My husband and I live near Grand Rapids, Michigan and would like to adopt a Golden retriever. Our ideal dog would be between 6 months and three years old. We don't care if it's male or female, spayed/neutered or not. Our desire is companionship for our selves and our 9 year old Golden named Cooper. We have been in contact with the golden retriever rescue group in the grand rapids area and recently made contact with the central Michigan rescue group. We also regularly review Craigslist, petfinder, and adopt a pet websites. So far, we have missed three opportunities at shelters. We show up to adopt the dog and must enter a lottery. This process has been extremely frustrating. My husband and are experienced pet owners and each of our three dogs and two cats were with us through their old age. In all, we have helped two dogs and two cats cross the Rainbow Bridge. We believe in obedience training, spaying/neutering, invisible fences, walks, treats, toys, and comfortable places to live for our animals. Help us please find our new buddy.


----------



## CAROLINA MOM (May 12, 2009)

Hi, welcome.

Have you submitted an Adoption Application with either of the GR Rescues you've been in contact with?

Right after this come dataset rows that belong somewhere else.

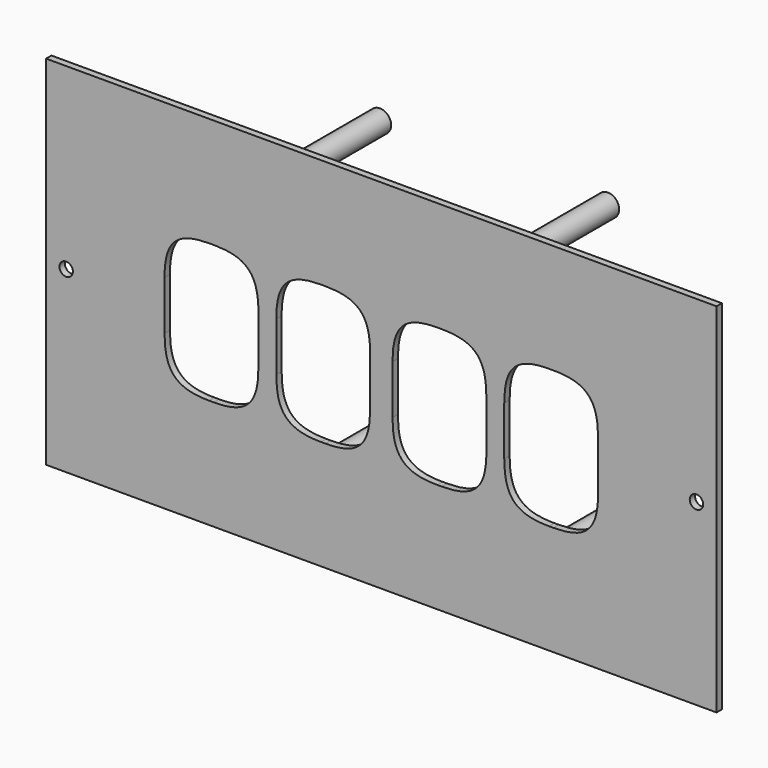
from build123d import *

# Parameters (mm, degrees)
F0_W         = 150
F0_H         = 80
F1_DEPTH     = 1.5
F2_R         = 2.5
F3_DEPTH     = 30
F4_R         = 1.5
F5_R         = 1.5
F6_R         = 1.5
F7_R         = 1.5
F8_DEPTH     = 25
F9_R         = 1.5
F9_W         = 21
F9_H         = 31
F10_DEPTH    = 3
F12_T1_DEPTH = 1.5


# Not quite as in the source:
# - a fillet or chamfer that OpenCascade refuses, or shapes differently, is made with other operations: its cross-section is extruded or revolved along the edge and cut away or added


with BuildPart() as f1:
    # F0 (on Front) → F1 (new body)
    with BuildSketch(Plane.XZ):
        Rectangle(F0_W, F0_H)
    extrude(amount=F1_DEPTH)

    # F2 (on face) → F3 (join)
    with BuildSketch(Plane(origin=(0, 0, 0), x_dir=(-1, 0, 0), z_dir=(0, 1, 0))):
        with Locations((-25.5, 31)):
            Circle(F2_R)
        with Locations((-25.5, -31)):
            Circle(F2_R)
        with Locations((25.5, -31)):
            Circle(F2_R)
        with Locations((25.5, 31)):
            Circle(F2_R)
    extrude(amount=F3_DEPTH)

    # F4 (on face) + F5 (on face) + F6 (on face) + F7 (on face) → F8 (cut)
    with BuildSketch(Plane(origin=(0, 30, 0), x_dir=(-1, 0, 0), z_dir=(0, 1, 0))):
        with Locations((-25.5, 31)):
            Circle(F4_R)
    with BuildSketch(Plane(origin=(0, 30, 0), x_dir=(-1, 0, 0), z_dir=(0, 1, 0))):
        with Locations((25.5, 31)):
            Circle(F5_R)
    with BuildSketch(Plane(origin=(0, 30, 0), x_dir=(-1, 0, 0), z_dir=(0, 1, 0))):
        with Locations((-25.5, -31)):
            Circle(F6_R)
    with BuildSketch(Plane(origin=(0, 30, 0), x_dir=(-1, 0, 0), z_dir=(0, 1, 0))):
        with Locations((25.5, -31)):
            Circle(F7_R)
    extrude(amount=-F8_DEPTH, mode=Mode.SUBTRACT)

    # F9 (on face) → F10 (cut)
    with BuildSketch(Plane.XZ.offset(1.5)):
        with Locations((-70.5, 0)):
            Circle(F9_R)
        with Locations((-38, 0)):
            Rectangle(F9_W, F9_H)
        with Locations((-13, 0)):
            Rectangle(F9_W, F9_H)
    f10 = extrude(amount=-F10_DEPTH, mode=Mode.SUBTRACT)

    # F11: F10 across plane
    add(f10.mirror(Plane.YZ), mode=Mode.SUBTRACT)

    # F12: fillet of radius 10 on 16 edges, made by hand

    # F12_s2 → F12_t1 (join)
    with BuildSketch(Plane.XZ):
        with BuildLine():
            add(Edge.make_bspline(
                [(-38.5, 15.5), (-48.5, 15.5), (-48.5, 5.5)],
                knots=[0, 0, 0, 1, 1, 1], degree=2, weights=[1, 1.2222222222, 1]))
            Line((-48.5, 5.5), (-48.5, 15.5))
            Line((-48.5, 15.5), (-38.5, 15.5))
        make_face()
        with BuildLine():
            add(Edge.make_bspline(
                [(-37.5, 15.5), (-27.5, 15.5), (-27.5, 5.5)],
                knots=[0, 0, 0, 1, 1, 1], degree=2, weights=[1, 1.2222222222, 1]))
            Line((-27.5, 5.5), (-27.5, 15.5))
            Line((-27.5, 15.5), (-37.5, 15.5))
        make_face()
        with BuildLine():
            add(Edge.make_bspline(
                [(-48.5, -5.5), (-48.5, -15.5), (-38.5, -15.5)],
                knots=[0, 0, 0, 1, 1, 1], degree=2, weights=[1, 1.2222222222, 1]))
            Line((-38.5, -15.5), (-48.5, -15.5))
            Line((-48.5, -15.5), (-48.5, -5.5))
        make_face()
        with BuildLine():
            add(Edge.make_bspline(
                [(-27.5, -5.5), (-27.5, -15.5), (-37.5, -15.5)],
                knots=[0, 0, 0, 1, 1, 1], degree=2, weights=[1, 1.2222222222, 1]))
            Line((-37.5, -15.5), (-27.5, -15.5))
            Line((-27.5, -15.5), (-27.5, -5.5))
        make_face()
        with BuildLine():
            add(Edge.make_bspline(
                [(-2.5, -5.5), (-2.5, -15.5), (-12.5, -15.5)],
                knots=[0, 0, 0, 1, 1, 1], degree=2, weights=[1, 1.2222222222, 1]))
            Line((-12.5, -15.5), (-2.5, -15.5))
            Line((-2.5, -15.5), (-2.5, -5.5))
        make_face()
        with BuildLine():
            add(Edge.make_bspline(
                [(-13.5, 15.5), (-23.5, 15.5), (-23.5, 5.5)],
                knots=[0, 0, 0, 1, 1, 1], degree=2, weights=[1, 1.2222222222, 1]))
            Line((-23.5, 5.5), (-23.5, 15.5))
            Line((-23.5, 15.5), (-13.5, 15.5))
        make_face()
        with BuildLine():
            add(Edge.make_bspline(
                [(-23.5, -5.5), (-23.5, -15.5), (-13.5, -15.5)],
                knots=[0, 0, 0, 1, 1, 1], degree=2, weights=[1, 1.2222222222, 1]))
            Line((-13.5, -15.5), (-23.5, -15.5))
            Line((-23.5, -15.5), (-23.5, -5.5))
        make_face()
        with BuildLine():
            add(Edge.make_bspline(
                [(-12.5, 15.5), (-2.5, 15.5), (-2.5, 5.5)],
                knots=[0, 0, 0, 1, 1, 1], degree=2, weights=[1, 1.2222222222, 1]))
            Line((-2.5, 5.5), (-2.5, 15.5))
            Line((-2.5, 15.5), (-12.5, 15.5))
        make_face()
        with BuildLine():
            add(Edge.make_bspline(
                [(23.5, 5.5), (23.5, 15.5), (13.5, 15.5)],
                knots=[0, 0, 0, 1, 1, 1], degree=2, weights=[1, 1.2222222222, 1]))
            Line((13.5, 15.5), (23.5, 15.5))
            Line((23.5, 15.5), (23.5, 5.5))
        make_face()
        with BuildLine():
            add(Edge.make_bspline(
                [(48.5, 5.5), (48.5, 15.5), (38.5, 15.5)],
                knots=[0, 0, 0, 1, 1, 1], degree=2, weights=[1, 1.2222222222, 1]))
            Line((38.5, 15.5), (48.5, 15.5))
            Line((48.5, 15.5), (48.5, 5.5))
        make_face()
        with BuildLine():
            add(Edge.make_bspline(
                [(2.5, -5.5), (2.5, -15.5), (12.5, -15.5)],
                knots=[0, 0, 0, 1, 1, 1], degree=2, weights=[1, 1.2222222222, 1]))
            Line((12.5, -15.5), (2.5, -15.5))
            Line((2.5, -15.5), (2.5, -5.5))
        make_face()
        with BuildLine():
            add(Edge.make_bspline(
                [(27.5, -5.5), (27.5, -15.5), (37.5, -15.5)],
                knots=[0, 0, 0, 1, 1, 1], degree=2, weights=[1, 1.2222222222, 1]))
            Line((37.5, -15.5), (27.5, -15.5))
            Line((27.5, -15.5), (27.5, -5.5))
        make_face()
        with BuildLine():
            add(Edge.make_bspline(
                [(27.5, 5.5), (27.5, 15.5), (37.5, 15.5)],
                knots=[0, 0, 0, 1, 1, 1], degree=2, weights=[1, 1.2222222222, 1]))
            Line((37.5, 15.5), (27.5, 15.5))
            Line((27.5, 15.5), (27.5, 5.5))
        make_face()
        with BuildLine():
            add(Edge.make_bspline(
                [(2.5, 5.5), (2.5, 15.5), (12.5, 15.5)],
                knots=[0, 0, 0, 1, 1, 1], degree=2, weights=[1, 1.2222222222, 1]))
            Line((12.5, 15.5), (2.5, 15.5))
            Line((2.5, 15.5), (2.5, 5.5))
        make_face()
        with BuildLine():
            add(Edge.make_bspline(
                [(38.5, -15.5), (48.5, -15.5), (48.5, -5.5)],
                knots=[0, 0, 0, 1, 1, 1], degree=2, weights=[1, 1.2222222222, 1]))
            Line((48.5, -5.5), (48.5, -15.5))
            Line((48.5, -15.5), (38.5, -15.5))
        make_face()
        with BuildLine():
            add(Edge.make_bspline(
                [(13.5, -15.5), (23.5, -15.5), (23.5, -5.5)],
                knots=[0, 0, 0, 1, 1, 1], degree=2, weights=[1, 1.2222222222, 1]))
            Line((23.5, -5.5), (23.5, -15.5))
            Line((23.5, -15.5), (13.5, -15.5))
        make_face()
    extrude(amount=F12_T1_DEPTH)


solid = f1.part

It might work out better for you to complete and submit your Adoption Application, get approved, and when a dog becomes available that is what you're looking for, you would be contacted first since you are pre-approved.
Most GR Rescues have dogs coming in and being available for adoption on a continuous basis. 

I adopted my girl from a GR Rescue 6 years ago. Last year I adopted my boy from my County Humane Society.

In my state, you see quite a few Goldens in the GR Rescues, in shelters, and also on Craigslist. It depends a lot with the area you live in as to the availability of dogs. 

Best of luck to you in your search.


----------



## Karen519 (Aug 21, 2006)

*Grrom*

Have you looked at the Golden Ret. Rescue of Michigan?
golden retriever rescue, Golden Retriever Rescue of MI Franklin, MI Home


----------



## mylissyk (Feb 25, 2007)

I would encourage you to check with rescue groups even in neighboring cities or states, you can find them listed here:

http://www.grca-nrc.org/state_listing.html


----------



## Karen519 (Aug 21, 2006)

*Reply*

mylissyk
Thanks!! I pmd EJSAM and sent them the Golden Ret. Link, too!!


----------